ACTIVITY » Where the line with "point P1 (0, -14)" appears below, start writing out lines exactly, and finish with the line with "A1 L0 A4 A3", which is included; write out nothing else.

■ ■ ■ ■ ■

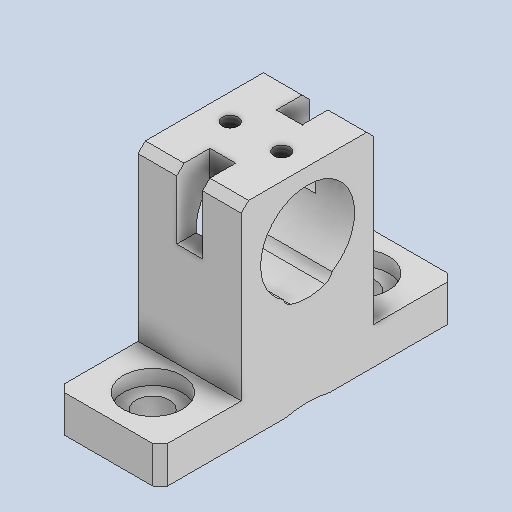
# Autodesk Inventor part: ADAPTER_collimator-BH19.05-D12.7
Saved by Autodesk Inventor 2024.2 (Build 282272000, 272)
## iProperties
Created: 2020-10-22
Part Number: ADAPTER_collimator-BH19.05-D12.7
Material: Generic
Document SubType Name: Modeling
Designer: qiti1
Density: 1 g/cm^3
Appearance: Default
ItemSpecifications: {"_id":"603fbb7ae0b54a000914fb10","finish":"543ef1f380da5b0c476373c1","finish_location":null,"material":"5515e170db035c20ce34af9a","process_initialism":null,"quotes":null,"current_quote":null,"quantity_ordered":1,"features":null,"hardware":null,"threading":null,"part_markings":[],"surface_roughness":null,"tolerance":null,"weld_quantity":null,"Notes":"","certifications":[],"part":null,"revision_num":0,"last_history":null,"inspection_requirement_details":{"inspection_requirement":"std","customer_data_sheet":null},"feedback":null}
Author: qiti1
Autodesk Inventor part; units mm, degrees
note: some values were not read from the file. Chosen so that the rebuilt part matches the saved one: direction of "Hole3".
ref_plane "YZ Plane" through (0, 0, 0) normal (1, 0, 0) x (0, 1, 0)
ref_plane "XZ Plane" through (0, 0, 0) normal (0, 1, 0) x (-1, 0, 0)
ref_plane "XY Plane" through (0, 0, 0) normal (0, 0, 1) x (1, 0, 0)
sketch "Sketch1" plane through (0, 0, 0) normal (0, 1, 0) x (-1, 0, 0)
  line L0 (7, 9) -> (-7, 9)
  line L1 (-7, 9) -> (-7, -9)
  line L2 (-7, -9) -> (7, -9)
  line L3 (7, -9) -> (7, 9)
  line L4 (7, 9) -> (-7, -9) construction
  line L5 (-7, 9) -> (7, -9) construction
  point P0 (0, 0)
  dimension "POST_WIDTH" = 18
  dimension "POST_LENGTH" = 14
  constraints: 12 end point, 2 midpoint, 2 parallel, 1 horizontal, 1 perpendicular
  measures "POST_WIDTH" distance of L2.end L0.start
  measures "POST_LENGTH" distance of L1.end L2.end
extrude "Extrusion1" add sketch "Sketch1" along normal blind 28.05
sketch "Sketch2" plane through (0, 0, 0) normal (0, -1, 0) x (1, 0, 0)
  line L0 (-7, -20) -> (7, -20)
  line L1 (7, -20) -> (7, 20)
  line L2 (7, 20) -> (-7, 20)
  line L3 (-7, 20) -> (-7, -20)
  line L4 (-7, -20) -> (7, 20) construction
  line L5 (7, -20) -> (-7, 20) construction
  line L6 (-7, -9) -> (-7, 9) projected
  line L7 (-7, 9) -> (7, 9) projected
  point P0 (0, 0)
  dimension "d4" = 0
  dimension "d5" = 11
  constraints: 12 end point, 2 midpoint, 2 parallel, 1 horizontal, 1 perpendicular
  measures "d4" distance between parallel lines of L6 L3
  measures "d5" distance between parallel lines of L2 L7
extrude "Extrusion2" add sketch "Sketch2" against normal blind 5
sketch "Sketch3" plane through (0, 5, 0) normal (0, 1, 0) x (1, 0, 0)
  line L0 (-7, 20) -> (7, 20) projected
  line L1 (0, 20) -> (0, -20)
  line L2 (7, -20) -> (-7, -20) projected
  line L3 (7, -9) -> (7, 9) projected
  line L4 (7, 0) -> (-7, 0)
  line L5 (-7, 20) -> (-7, -20) projected
  point P0 (0, 0)
  point P1 (0, -14)
  point P2 (0, 14)
  dimension "d15" = 0
  dimension "d16" = 6
  constraints: 4 end point, 4 midpoint, 1 symmetric about line
  measures "d15" distance from line of L1 point (0, -14)
  measures "d16" distance from line of L2 point (0, -14)
hole "Hole1" at (0, 5, 14) at (0, 5, -14) direction (0, -1, 0) diameter 4.5 end through all counterbore diameter 8 counterbore depth 2 clearance for "Socket Head Cap Screw" size "#8" standard "Ansi Unified Screw Threads"
chamfer "Chamfer2" distance 1 angle 45 2 edges at (0, 28.05, 9) (0, 28.05, -9)
sketch "Sketch8" plane through (7, 5, -9) normal (1, 0, 0) x (0, 0, -1)
  circle A0 centre (-9, 14.4933) radius 6.375
  circle A1 centre (-9, 14.4933) radius 6.883
  circle A2 centre (-10.8329, 9.4575) radius 1.524
  line L0 (-9, 14.4933) -> (-9, 7.6103)
  circle A3 centre (-7.1671, 9.4575) radius 1.524
  line L1 (-9, 14.4933) -> (-10.8329, 9.4575)
  line L2 (-18, 0) -> (-18, 22.05) projected
  line L3 (-17, 23.05) -> (-1, 23.05) projected
  circle A4 centre (-9, 14.05) radius 6
  line L4 (11, -5) -> (-29, -5) projected
  point P0 (-9, -5)
  point P1 (-6.6459, 8.0254)
  point P2 (-8.0195, 8.1942)
  point P3 (-12.2979, 9.0376)
  point P4 (-11.3541, 8.0254)
  point P5 (-5.7021, 9.0376)
  point P6 (-9.9805, 8.1942)
  dimension "d95" = 12
  dimension "HOLE_SIZE" = 12.75
  dimension "THREE_POINT_SIZE" = 13.766
  dimension "d51" = 3.048
  dimension "d52" = 20
  dimension "d55" = 9
  dimension "d96" = 19.05
  constraints: 4 end point, 1 centre point, 1 coincident, 1 point on line, 1 symmetric about line, 1 vertical, 14 other
  measures "d51" diameter of A2
  measures "d52" angle of L0 L1
  measures "d55" distance from line of L2 point (-9, 14.493)
  measures "d96" distance from line of L4 point (-9, 14.05)
extrude "Extrusion6" cut sketch "Sketch8" against normal up to surface (14 mm away) contours A0 A4 | A2 A0 | A4 A3 A0 L0 L1 A2 | A4 A2 | A0 A2 A4 | A4 A3 A0 | A0 A3 | A3 A4 | A2 L1 L0 A0 | A0 L0 A4 A2 | A2 A4 L0 A1 | A3 A4 L0 A0 | A1 L0 A4 A3
sketch "Sketch9" plane through (0, 28.05, 0) normal (0, 1, 0) x (1, 0, 0)
  line L0 (-7, 8) -> (-7, -8) projected
  line L1 (-7, -9) -> (7, -9) projected
  line L2 (7, -8) -> (7, 8) projected
  point P0 (0, 0)
  point P1 (-3.5, 0)
  point P2 (3.5, 0)
  dimension "d64" = 3.5
  dimension "d65" = 9
  dimension "d94" = 3.5
  measures "d64" distance from line of L0 point (-3.5, 0)
  measures "d65" distance from line of L1 point (-3.5, 0)
  measures "d94" distance from line of point (3.5, 0) L2
hole "Hole3" at (-3.5, 28.05, 0) at (3.5, 28.05, 0) direction (0, -1, 0) diameter 2.1565 end up to surface thread size "4-40 UNC" class "2B" standard "ANSI Unified Screw Threads"
chamfer "Chamfer3" distance 1 angle 45 4 edges at (7, 2.5, 20) (-7, 2.5, 20) (7, 2.5, -20) (-7, 2.5, -20)
sketch "Sketch10" plane through (0, 28.05, 0) normal (0, 1, 0) x (1, 0, 0)
  line L0 (-7, -9) -> (7, -9) projected
  line L1 (-1.75, -9) -> (1.75, -9)
  line L2 (1.75, -9) -> (1.75, -4.5)
  line L3 (1.75, -4.5) -> (-1.75, -4.5)
  line L4 (-1.75, -4.5) -> (-1.75, -9)
  line L5 (7, 9) -> (-7, 9) projected
  line L6 (-9.8, 0) -> (9.8, 0) projected
  line L7 (-1.75, 9) -> (1.75, 9)
  line L8 (1.75, 9) -> (1.75, 4.5)
  line L9 (1.75, 4.5) -> (-1.75, 4.5)
  line L10 (-1.75, 4.5) -> (-1.75, 9)
  point P0 (0, 0)
  point P1 (1.75, 5.6664)
  point P2 (1.75, 9)
  dimension "d71" = 4.5
  dimension "d72" = 3.5
  dimension "d73" = 1.75
  constraints: 16 end point, 4 point on line, 3 symmetric about line, 2 parallel, 1 horizontal, 1 perpendicular
  measures "d71" distance between parallel lines of L0 L3
  measures "d72" distance between parallel lines of L2 L4
  measures "d73" distance from line of point (0, 0) L4
extrude "Extrusion7" cut sketch "Sketch10" against normal blind 9
sketch "Sketch11" plane through (0, 0, 0) normal (0, -1, 0) x (1, 0, 0)
  line L0 (0, -4.5) -> (0, -5.5) construction
  line L1 (-1.05, -4.5) -> (-1.05, -5.5)
  line L2 (1.05, -5.5) -> (1.05, -4.5)
  arc A0 (1.05, -4.5) -> (-1.05, -4.5) centre (0, -4.5) ccw
  arc A1 (-1.05, -5.5) -> (1.05, -5.5) centre (0, -5.5) ccw
  point P0 (0, 0)
  point P1 (0, 5)
  point P2 (0, -5)
  dimension "d74" = 10
  dimension "d75" = 0
  dimension "d76" = 0
  dimension "d77" = 5
  dimension "d78" = 1.05
  dimension "d79" = 1
  constraints: 8 end point, 4 point on circle, 4 tangent, 2 centre point, 1 midpoint, 1 parallel, 1 vertical
  measures "d74" distance of point (0, 5) point (0, -5)
  measures "d75" horizontal distance of point (0, -5) point (0, 5)
  measures "d76" horizontal distance of point (0, 0) point (0, 5)
  measures "d77" distance of point (0, 0) point (0, 5)
  measures "d78" radius of A0
  measures "d79" distance of L0.start L0.end
hole "Hole4" at (0, 0, 5) direction (0, 1, 0) diameter 2.1 depth 2.1
extrude "Extrusion8" cut sketch "Sketch11" against normal blind 2.1
sketch "Sketch12" plane through (-7, 5, 9) normal (-1, 0, 0) x (0, 0, 1)
  circle A0 centre (-9, -17.35) radius 12.7
  point P0 (-9, -5)
  dimension "d89" = 0
  dimension "d90" = 12.35
  dimension "d91" = 25.4
  constraints: 1 centre point
  measures "d89" horizontal distance of A0.centre point (-9, -5)
  measures "d90" distance of point (-9, -5) A0.centre
  measures "d91" diameter of A0
extrude "Extrusion9" cut sketch "Sketch12" against normal up to surface (14 mm away)
equation "\"HOLE_SIZE\" = 2 * HOLE_RADIUS + HOLE_TOLERANCE"
equation "\"d52\" = 0.5 * THREE_POINT_ANGLE"
equation "\"d55\" = 0.5 * POST_WIDTH"
equation "\"d96\" = BEAM_HEIGHT"
equation "\"d64\" = 0.25 * POST_LENGTH"
equation "\"d65\" = 0.5 * POST_WIDTH"
equation "\"d94\" = d64"
equation "\"d71\" = 0.25 * POST_WIDTH"
equation "\"d72\" = 0.25 * POST_LENGTH"
equation "\"d73\" = 0.125 * POST_LENGTH"
equation "\"d69\" = EDGE_TO_HOLE"
equation "\"EDGE_TO_HOLE\" = POST_HEIGHT - BEAM_HEIGHT"
equation "\"BEAM_HEIGHT\" = 19.05"
equation "\"COLLIMATOR_DIAMETER\" = 12"
equation "\"THREE_POINT_ANGLE\" = 40deg"
equation "\"HOLE_RADIUS\" = 6.35"
equation "\"HOLE_TOLERANCE\" = 0.05"
equation "\"POST_HEIGHT\" = 28.05"
body "Solid1"

■ ■ ■ ■ ■

REPLY »
  point P1 (0, -14)
  point P2 (0, 14)
  dimension "d15" = 0
  dimension "d16" = 6
  constraints: 4 end point, 4 midpoint, 1 symmetric about line
  measures "d15" distance from line of L1 point (0, -14)
  measures "d16" distance from line of L2 point (0, -14)
hole "Hole1" at (0, 5, 14) at (0, 5, -14) direction (0, -1, 0) diameter 4.5 end through all counterbore diameter 8 counterbore depth 2 clearance for "Socket Head Cap Screw" size "#8" standard "Ansi Unified Screw Threads"
chamfer "Chamfer2" distance 1 angle 45 2 edges at (0, 28.05, 9) (0, 28.05, -9)
sketch "Sketch8" plane through (7, 5, -9) normal (1, 0, 0) x (0, 0, -1)
  circle A0 centre (-9, 14.4933) radius 6.375
  circle A1 centre (-9, 14.4933) radius 6.883
  circle A2 centre (-10.8329, 9.4575) radius 1.524
  line L0 (-9, 14.4933) -> (-9, 7.6103)
  circle A3 centre (-7.1671, 9.4575) radius 1.524
  line L1 (-9, 14.4933) -> (-10.8329, 9.4575)
  line L2 (-18, 0) -> (-18, 22.05) projected
  line L3 (-17, 23.05) -> (-1, 23.05) projected
  circle A4 centre (-9, 14.05) radius 6
  line L4 (11, -5) -> (-29, -5) projected
  point P0 (-9, -5)
  point P1 (-6.6459, 8.0254)
  point P2 (-8.0195, 8.1942)
  point P3 (-12.2979, 9.0376)
  point P4 (-11.3541, 8.0254)
  point P5 (-5.7021, 9.0376)
  point P6 (-9.9805, 8.1942)
  dimension "d95" = 12
  dimension "HOLE_SIZE" = 12.75
  dimension "THREE_POINT_SIZE" = 13.766
  dimension "d51" = 3.048
  dimension "d52" = 20
  dimension "d55" = 9
  dimension "d96" = 19.05
  constraints: 4 end point, 1 centre point, 1 coincident, 1 point on line, 1 symmetric about line, 1 vertical, 14 other
  measures "d51" diameter of A2
  measures "d52" angle of L0 L1
  measures "d55" distance from line of L2 point (-9, 14.493)
  measures "d96" distance from line of L4 point (-9, 14.05)
extrude "Extrusion6" cut sketch "Sketch8" against normal up to surface (14 mm away) contours A0 A4 | A2 A0 | A4 A3 A0 L0 L1 A2 | A4 A2 | A0 A2 A4 | A4 A3 A0 | A0 A3 | A3 A4 | A2 L1 L0 A0 | A0 L0 A4 A2 | A2 A4 L0 A1 | A3 A4 L0 A0 | A1 L0 A4 A3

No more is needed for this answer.